### PROMPT:
Please write out, exactly as given, every line of the entries below up to and including the line with "- moved LED0 162.5 mm to (231.2, 12.7)".

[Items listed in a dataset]

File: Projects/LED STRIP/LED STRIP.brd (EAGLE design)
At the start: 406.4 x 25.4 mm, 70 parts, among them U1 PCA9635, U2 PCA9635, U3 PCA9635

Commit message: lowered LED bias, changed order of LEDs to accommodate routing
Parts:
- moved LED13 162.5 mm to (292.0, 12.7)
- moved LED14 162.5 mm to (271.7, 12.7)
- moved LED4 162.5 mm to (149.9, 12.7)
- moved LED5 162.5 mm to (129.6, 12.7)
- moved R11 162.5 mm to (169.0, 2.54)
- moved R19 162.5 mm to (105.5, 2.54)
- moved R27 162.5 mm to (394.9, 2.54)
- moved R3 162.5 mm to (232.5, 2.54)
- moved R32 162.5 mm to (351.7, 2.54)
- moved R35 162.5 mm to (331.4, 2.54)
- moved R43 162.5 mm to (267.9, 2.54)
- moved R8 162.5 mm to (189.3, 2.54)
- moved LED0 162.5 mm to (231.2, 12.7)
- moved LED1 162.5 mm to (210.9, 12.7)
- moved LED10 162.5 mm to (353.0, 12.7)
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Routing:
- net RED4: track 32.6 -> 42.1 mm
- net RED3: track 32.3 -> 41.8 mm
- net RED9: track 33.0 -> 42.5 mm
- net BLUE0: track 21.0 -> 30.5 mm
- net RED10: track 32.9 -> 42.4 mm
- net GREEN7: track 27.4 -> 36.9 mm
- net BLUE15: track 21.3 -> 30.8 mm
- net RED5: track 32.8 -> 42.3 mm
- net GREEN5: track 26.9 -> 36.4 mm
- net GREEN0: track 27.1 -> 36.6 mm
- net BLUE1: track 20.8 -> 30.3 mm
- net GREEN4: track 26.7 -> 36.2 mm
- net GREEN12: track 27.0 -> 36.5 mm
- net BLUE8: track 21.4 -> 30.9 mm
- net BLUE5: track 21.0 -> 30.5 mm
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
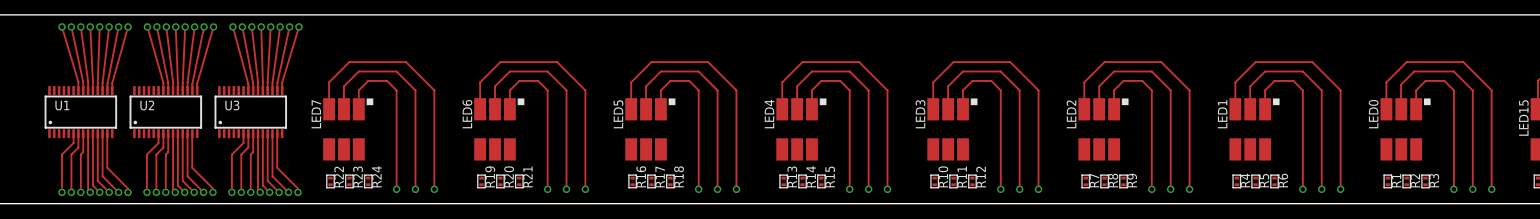
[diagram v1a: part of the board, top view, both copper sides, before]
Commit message: green and blue wired
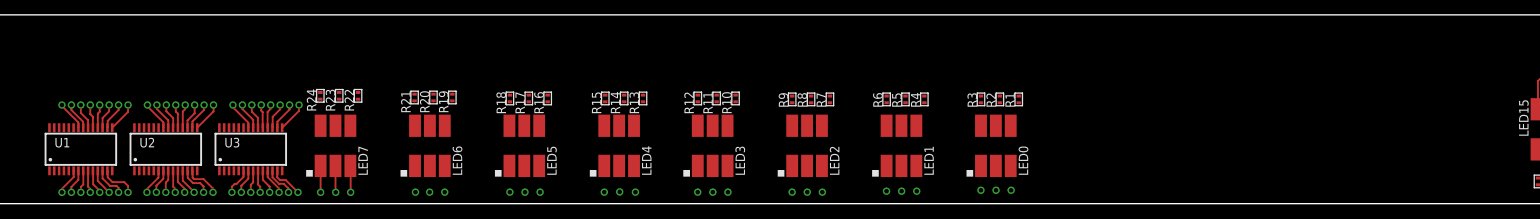
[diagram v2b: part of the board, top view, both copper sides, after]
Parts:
- moved R3 61.0 mm to (172.7, 14.5), turned to 270 degrees
- moved LED0 59.0 mm to (172.7, 5.08), turned to 90 degrees
- moved R2 56.0 mm to (175.2, 14.5), turned to 270 degrees
- moved R6 53.5 mm to (160.0, 14.5), turned to 270 degrees
- moved LED1 51.5 mm to (160.0, 5.08), turned to 90 degrees
- moved R1 51.1 mm to (177.7, 14.5), turned to 270 degrees
- moved R5 48.6 mm to (162.5, 14.5), turned to 270 degrees
- moved R9 46.1 mm to (147.3, 14.5), turned to 270 degrees
- moved LED2 44.0 mm to (147.3, 5.08), turned to 90 degrees
- moved R4 43.7 mm to (165.0, 14.5), turned to 270 degrees
- moved R8 41.3 mm to (149.8, 14.5), turned to 270 degrees
- moved R12 38.9 mm to (134.6, 14.6), turned to 270 degrees
- moved LED3 36.5 mm to (134.6, 5.08), turned to 90 degrees
- moved R7 36.4 mm to (152.3, 14.5), turned to 270 degrees
- moved R11 34.1 mm to (137.1, 14.6), turned to 270 degrees
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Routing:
- net GREEN0: track 36.6 -> 122.2 mm
- net BLUE0: track 30.5 -> 109.2 mm
- net GREEN1: track 36.2 -> 107.6 mm
- net BLUE1: track 30.3 -> 94.3 mm
- net GREEN2: track 35.9 -> 93.0 mm
- net BLUE2: track 30.0 -> 79.6 mm
- net GREEN3: track 35.9 -> 78.8 mm
- net RED4: track 42.1 -> 3.27 mm
- net RED5: track 42.3 -> 3.53 mm
- net RED1: track 42.1 -> 3.29 mm
- net RED2: track 41.8 -> 3.03 mm
- net RED0: track 42.3 -> 3.55 mm
- net RED3: track 41.8 -> 3.03 mm
- net RED6: track 42.6 -> 4.30 mm
- net BLUE3: track 30.0 -> 64.9 mm
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
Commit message: all traces for LED0-LED7 routed
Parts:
- moved R49 3.31 mm to (29.0, 15.7)
- moved R50 2.79 mm to (24.1, 16.3)
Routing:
- net RED0: track 3.55 -> 139.0 mm
- net RED1: track 3.29 -> 124.4 mm
- net RED2: track 3.03 -> 109.7 mm
- net RED3: track 3.03 -> 95.1 mm
- net RED4: track 3.27 -> 81.1 mm
- net RED5: track 3.53 -> 66.9 mm
- net RED6: track 4.30 -> 53.3 mm
- net RED7: track 8.54 -> 39.5 mm
- net N$23: track 0.00 -> 4.01 mm
- net N$25: track 0.00 -> 3.79 mm
- net N$26: track 0.00 -> 3.77 mm
- net N$30: track 0.00 -> 3.73 mm
- net N$27: track 0.00 -> 3.70 mm
- net N$33: track 0.00 -> 3.67 mm
- net N$20: track 0.00 -> 3.60 mm
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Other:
- board size 406.4 x 25.4 mm -> 406.4 x 19.1 mm

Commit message: LED8-15 placed .9" spacing
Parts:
- moved LED0 71.1 mm to (243.8, 5.08)
- moved R1 71.1 mm to (248.9, 14.5)
- moved R2 71.1 mm to (246.3, 14.5)
- moved R3 71.1 mm to (243.8, 14.5)
- moved R4 61.0 mm to (226.0, 14.5)
- moved R5 61.0 mm to (223.5, 14.5)
- moved LED1 61.0 mm to (220.9, 5.08)
- moved R6 61.0 mm to (220.9, 14.5)
- moved LED2 50.8 mm to (198.1, 5.08)
- moved R9 50.8 mm to (198.1, 14.5)
- moved R7 50.8 mm to (203.1, 14.5)
- moved R8 50.8 mm to (200.6, 14.5)
- moved R25 43.7 mm to (431.9, 14.7), turned to 270 degrees
- moved R28 41.3 mm to (409.0, 14.7), turned to 270 degrees
- moved R10 40.6 mm to (180.3, 14.6)
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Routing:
- net BLUE8: track 26.0 -> 355.1 mm
- net GREEN0: track 125.5 -> 196.6 mm
- net RED0: track 139.0 -> 210.1 mm
- net BLUE0: track 112.5 -> 183.6 mm
- net RED1: track 124.4 -> 185.3 mm
- net GREEN1: track 111.0 -> 172.0 mm
- net BLUE1: track 97.7 -> 158.7 mm
- net BLUE2: track 83.1 -> 133.9 mm
- net RED2: track 109.7 -> 160.5 mm
- net GREEN2: track 96.6 -> 147.4 mm
- net RED3: track 95.1 -> 135.8 mm
- net GREEN3: track 82.3 -> 123.0 mm
- net BLUE3: track 68.4 -> 109.0 mm
- net RED15: track 38.4 -> 3.97 mm
- net RED9: track 37.5 -> 3.68 mm
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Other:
- board size 406.4 x 19.1 mm -> 444.5 x 19.1 mm

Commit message: all LEDs wired to ICs
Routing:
- net RED8: track 3.94 -> 382.6 mm
- net GREEN8: track 3.96 -> 368.9 mm
- net RED9: track 3.68 -> 361.8 mm
- net GREEN9: track 3.71 -> 347.3 mm
- net RED10: track 3.42 -> 339.6 mm
- net BLUE9: track 3.74 -> 333.1 mm
- net GREEN10: track 3.45 -> 325.8 mm
- net RED11: track 3.16 -> 316.9 mm
- net BLUE10: track 3.48 -> 311.2 mm
- net GREEN11: track 3.19 -> 303.6 mm
- net RED12: track 3.20 -> 296.0 mm
- net BLUE11: track 3.23 -> 289.6 mm
- net GREEN12: track 3.17 -> 283.0 mm
- net RED13: track 3.46 -> 274.8 mm
- net BLUE12: track 3.14 -> 267.9 mm
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
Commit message: relocated resistors
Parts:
- moved R50 19.8 mm to (43.7, 13.0)
- moved R49 17.5 mm to (46.2, 13.0)
- moved R15 17.2 mm to (169.4, 10.5)
- moved R33 17.2 mm to (397.8, 10.6)
- moved R21 17.1 mm to (123.1, 10.4)
- moved R42 17.0 mm to (329.0, 10.6)
- moved R45 17.0 mm to (306.1, 10.6)
- moved R24 16.9 mm to (100.0, 10.4)
- moved R12 16.8 mm to (191.5, 10.5)
- moved R3 16.8 mm to (260.0, 10.4)
- moved R30 16.8 mm to (420.2, 10.6)
- moved R39 16.8 mm to (351.7, 10.7)
- moved R18 16.5 mm to (145.6, 10.5)
- moved R36 16.5 mm to (374.2, 10.6)
- moved R48 16.5 mm to (282.7, 10.6)
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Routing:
- net N$18: track 0.00 -> 20.3 mm
- net N$28: track 0.00 -> 15.0 mm
- net N$21: track 0.00 -> 9.87 mm
- net N$23: track 4.01 -> 0.09 mm
- net N$26: track 3.77 -> 0.00 mm
- net N$25: track 3.79 -> 0.05 mm
- net N$30: track 3.73 -> 0.00 mm
- net N$27: track 3.70 -> 0.00 mm
- net N$33: track 3.67 -> 0.00 mm
- net N$22: track 3.55 -> 0.00 mm
- net N$41: track 3.55 -> 0.00 mm
- net N$38: track 3.55 -> 0.00 mm
- net N$42: track 3.55 -> 0.00 mm
- net N$20: track 3.60 -> 0.06 mm
- net N$16: track 3.53 -> 0.00 mm
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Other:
- board size 444.5 x 19.1 mm -> 444.5 x 17.8 mm

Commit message: resistors wired
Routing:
- net N$45: track 0.00 -> 21.3 mm
- net N$24: track 0.00 -> 21.2 mm
- net N$15: track 0.00 -> 21.0 mm
- net N$12: track 0.00 -> 21.0 mm
- net N$29: track 0.00 -> 20.9 mm
- net N$39: track 0.00 -> 20.8 mm
- net N$48: track 0.00 -> 20.8 mm
- net N$6: track 0.00 -> 20.8 mm
- net N$9: track 0.00 -> 20.6 mm
- net N$20: track 0.06 -> 20.7 mm
- net N$32: track 0.00 -> 20.6 mm
- net N$36: track 0.00 -> 20.4 mm
- net N$44: track 0.00 -> 20.3 mm
- net N$3: track 0.00 -> 20.3 mm
- net N$35: track 0.00 -> 20.1 mm
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
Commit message: changed board size (shifted everything to the left)
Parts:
- moved R49 19.8 mm to (26.4, 12.2)
- moved R50 19.8 mm to (23.9, 12.2)
- moved R33 18.8 mm to (379.0, 10.9)
- moved R35 18.8 mm to (352.9, 10.9)
- moved LED4 18.8 mm to (133.7, 5.33)
- moved R14 18.8 mm to (148.0, 10.8)
- moved R4 18.8 mm to (213.0, 10.7)
- moved R9 18.8 mm to (195.3, 10.7)
- moved LED6 18.8 mm to (87.9, 5.33)
- moved R18 18.8 mm to (126.8, 10.8)
- moved R20 18.8 mm to (101.8, 10.7)
- moved R23 18.8 mm to (78.7, 10.6)
- moved R24 18.8 mm to (81.2, 10.6)
- moved U1 18.8 mm to (32.8, 7.57)
- moved U2 18.8 mm to (44.2, 7.57)
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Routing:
- net +5V: track 0.00 -> 594.3 mm
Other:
- board size 444.5 x 17.8 mm -> 431.8 x 19.1 mm

### EXERCISE RESPONSE:
File: Projects/LED STRIP/LED STRIP.brd (EAGLE design)
At the start: 406.4 x 25.4 mm, 70 parts, among them U1 PCA9635, U2 PCA9635, U3 PCA9635

Commit message: lowered LED bias, changed order of LEDs to accommodate routing
Parts:
- moved LED13 162.5 mm to (292.0, 12.7)
- moved LED14 162.5 mm to (271.7, 12.7)
- moved LED4 162.5 mm to (149.9, 12.7)
- moved LED5 162.5 mm to (129.6, 12.7)
- moved R11 162.5 mm to (169.0, 2.54)
- moved R19 162.5 mm to (105.5, 2.54)
- moved R27 162.5 mm to (394.9, 2.54)
- moved R3 162.5 mm to (232.5, 2.54)
- moved R32 162.5 mm to (351.7, 2.54)
- moved R35 162.5 mm to (331.4, 2.54)
- moved R43 162.5 mm to (267.9, 2.54)
- moved R8 162.5 mm to (189.3, 2.54)
- moved LED0 162.5 mm to (231.2, 12.7)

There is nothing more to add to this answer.